TRAiVEL – sentiment-based travel recommendations

Hackathon, group work

Project description

TRAiVEL delivers weekend destination flight prices based on Skyscanner API and visualizes sentiment-based happiness information for these destinations.

Overview

The project was built in around 24 hours in a team of 4 for a hackathon. Won a Skyscanner prize. The goal is to provide users with travel recommendations based on their current location and approximated happiness in the considered European countries.

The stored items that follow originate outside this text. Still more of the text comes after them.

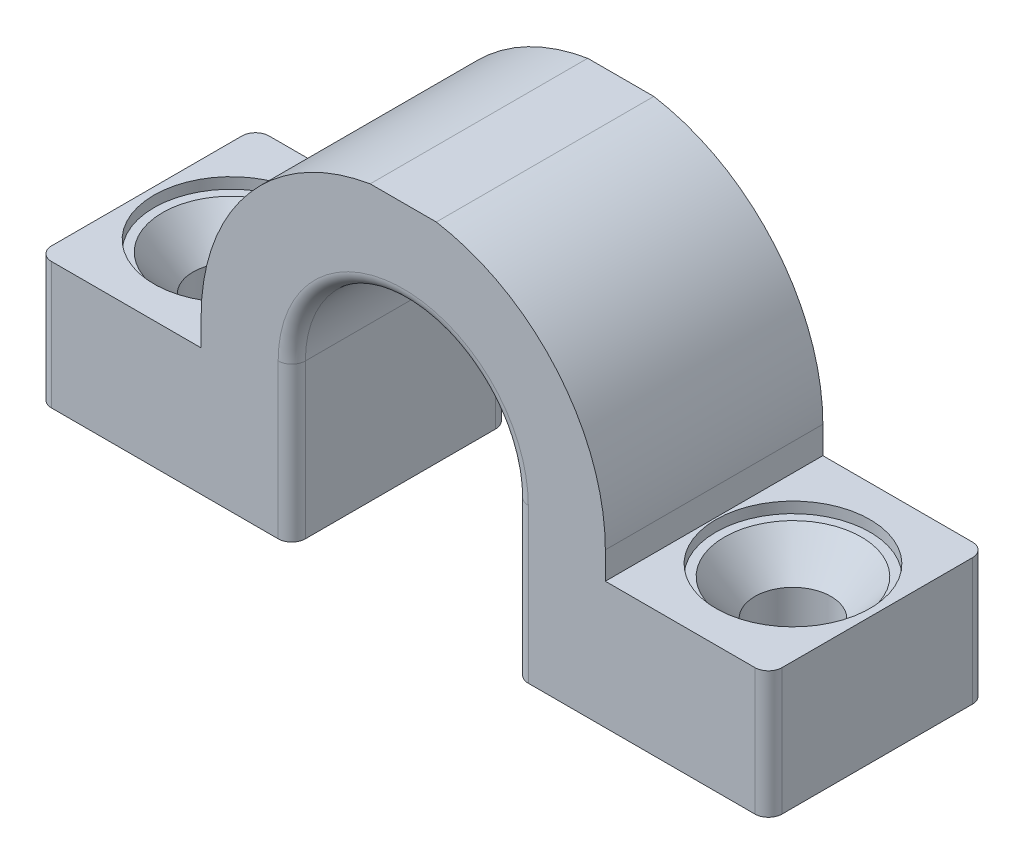
from build123d import *
from OCP.BRepFilletAPI import BRepFilletAPI_MakeChamfer

# Parameters (mm, degrees)
BOSS_EXTRUDE1_DEPTH = 12
SKETCH4_R           = 2.1
CUT_EXTRUDE1_DEPTH  = 27.646669586
SKETCH5_W           = 17.126081539
SKETCH5_H           = 14.483771816
CUT_EXTRUDE2_DEPTH  = 31.50036885
FILLET2_R           = 0.75
SKETCH7_R           = 4.25
CUT_EXTRUDE4_DEPTH  = 0.6
CHAMFER1_SIZE       = 2
CHAMFER1_SIZE2      = 1.678199262


with BuildPart() as part:
    # Sketch1 → Boss-Extrude1 (new body)
    with BuildSketch(Plane.XY):
        with BuildLine():
            Line((-11.15, 0), (-11.15, -1.5))
            Line((-11.15, -1.5), (-20.15, -1.5))
            Line((-20.15, -1.5), (-20.15, -8.5))
            Line((-20.15, -8.5), (-6.15, -8.5))
            Line((-6.15, -8.5), (-6.15, 0))
            ThreePointArc((-6.15, 0), (0, 6.15), (6.15, 0))
            Line((6.15, 0), (6.15, -8.5))
            Line((6.15, -8.5), (20.15, -8.5))
            Line((20.15, -8.5), (20.15, -1.5))
            Line((20.15, -1.5), (11.15, -1.5))
            Line((11.15, -1.5), (11.15, 0))
            ThreePointArc((11.15, 0), (0, 11.15), (-11.15, 0))
        make_face()
    extrude(amount=BOSS_EXTRUDE1_DEPTH)

    # Sketch4 → Cut-Extrude1 (cut, through all)
    with BuildSketch(Plane(origin=(0, -1.5, 0), x_dir=(1, 0, 0), z_dir=(0, 1, 0))):
        with Locations(Location((-15.5, -6, 0), (0, 0, 180))):
            Circle(SKETCH4_R)
        with Locations(Location((15.5, -6, 0), (0, 0, 180))):
            Circle(SKETCH4_R)
    extrude(amount=-CUT_EXTRUDE1_DEPTH, mode=Mode.SUBTRACT)

    # Sketch5 → Cut-Extrude2 (cut, through all)
    with BuildSketch(Plane(origin=(0, 11, 0), x_dir=(1, 0, 0), z_dir=(0, 1, 0))):
        with Locations((0.195726647, -5.794276843)):
            Rectangle(SKETCH5_W, SKETCH5_H)
    extrude(amount=CUT_EXTRUDE2_DEPTH, mode=Mode.SUBTRACT)

    # Fillet2
    fillet2_edges = [part.edges().sort_by_distance(p)[0] for p in [
        (20.15, -5, 0),
        (6.15, -4.25, 0),
        (0, 6.15, 0),
        (-6.15, -4.25, 0),
        (-20.15, -5, 0),
        (-20.15, -5, 12),
        (-6.15, -4.25, 12),
        (0, 6.15, 12),
        (6.15, -4.25, 12),
        (20.15, -5, 12),
    ]]
    fillet(fillet2_edges, radius=FILLET2_R)

    # Sketch7 → Cut-Extrude4 (cut)
    with BuildSketch(Plane(origin=(0, -1.5, 0), x_dir=(1, 0, 0), z_dir=(0, 1, 0))):
        with Locations(Location((-15.5, -6, 0), (0, 0, 180))):
            Circle(SKETCH7_R)
        with Locations(Location((15.5, -6, 0), (0, 0, 180))):
            Circle(SKETCH7_R)
    extrude(amount=-CUT_EXTRUDE4_DEPTH, mode=Mode.SUBTRACT)

    # Chamfer1: one chamfer whose edges measure the first distance from different faces: ONE call of the kernel's chamfer builder (chamfer() names one face for all edges)
    chamfer1_edges_1 = [part.edges().sort_by_distance(p)[0] for p in [
        (-13.4, -2.1, 6),
    ]]
    chamfer1_side_1 = [part.faces().sort_by_distance(p)[0] for p in [
        (-13.4, -5.3, 6),
    ]]
    chamfer1_edges_2 = [part.edges().sort_by_distance(p)[0] for p in [
        (17.6, -2.1, 6),
    ]]
    chamfer1_side_2 = [part.faces().sort_by_distance(p)[0] for p in [
        (17.6, -5.3, 6),
    ]]
    chamfer1 = BRepFilletAPI_MakeChamfer(part.part.solid().wrapped)
    for e in chamfer1_edges_1:
        chamfer1.Add(CHAMFER1_SIZE, CHAMFER1_SIZE2, e.wrapped, chamfer1_side_1[0].wrapped)  # the first distance lies on this face
    for e in chamfer1_edges_2:
        chamfer1.Add(CHAMFER1_SIZE, CHAMFER1_SIZE2, e.wrapped, chamfer1_side_2[0].wrapped)  # the first distance lies on this face
    add(Compound.cast(chamfer1.Shape()), mode=Mode.REPLACE)


solid = part.part

The happiness is based on Twitter data scrapped for these countries and filtered to only consider native speakers. That is being sent to Microsoft Cognitive Services that provide sentiment analysis in many European languages (thus the choice of countries). In parallel, we request Skyscanner to provide actionable recommendation that can take he user directly to Skyscanner, where the tickets can be bought. Everything is visualized in a form of interactive map that could be adapted to many other data sources than just sentiment information.

Technologies

Python, JavaScript, Flask, Skyscanner API, Twitter API, Microsoft Cognitive Services

Technical Details

The project was divided into 4 areas and developed in parallel by 4 people to later be integrated into one application: A) Twitter API integration, B) Microsoft Cognitive Services integration, C) Skyscanner API integration D) Main backend and frontend of the app.

For the backend we’ve used Flask to provide us with as much flexibility in that short time frame as possible and for the frontend we’ve used a library providing the map functionality.

The separate services have not been integrated together during the hackathon – the app operated on real data but it was statically saved for the purpose of the demo.

My contribution

I was the author of the idea, designed data flow, guided team’s efforts, so that our separate paths meet, and built the main backend and frontend that integrated all the information.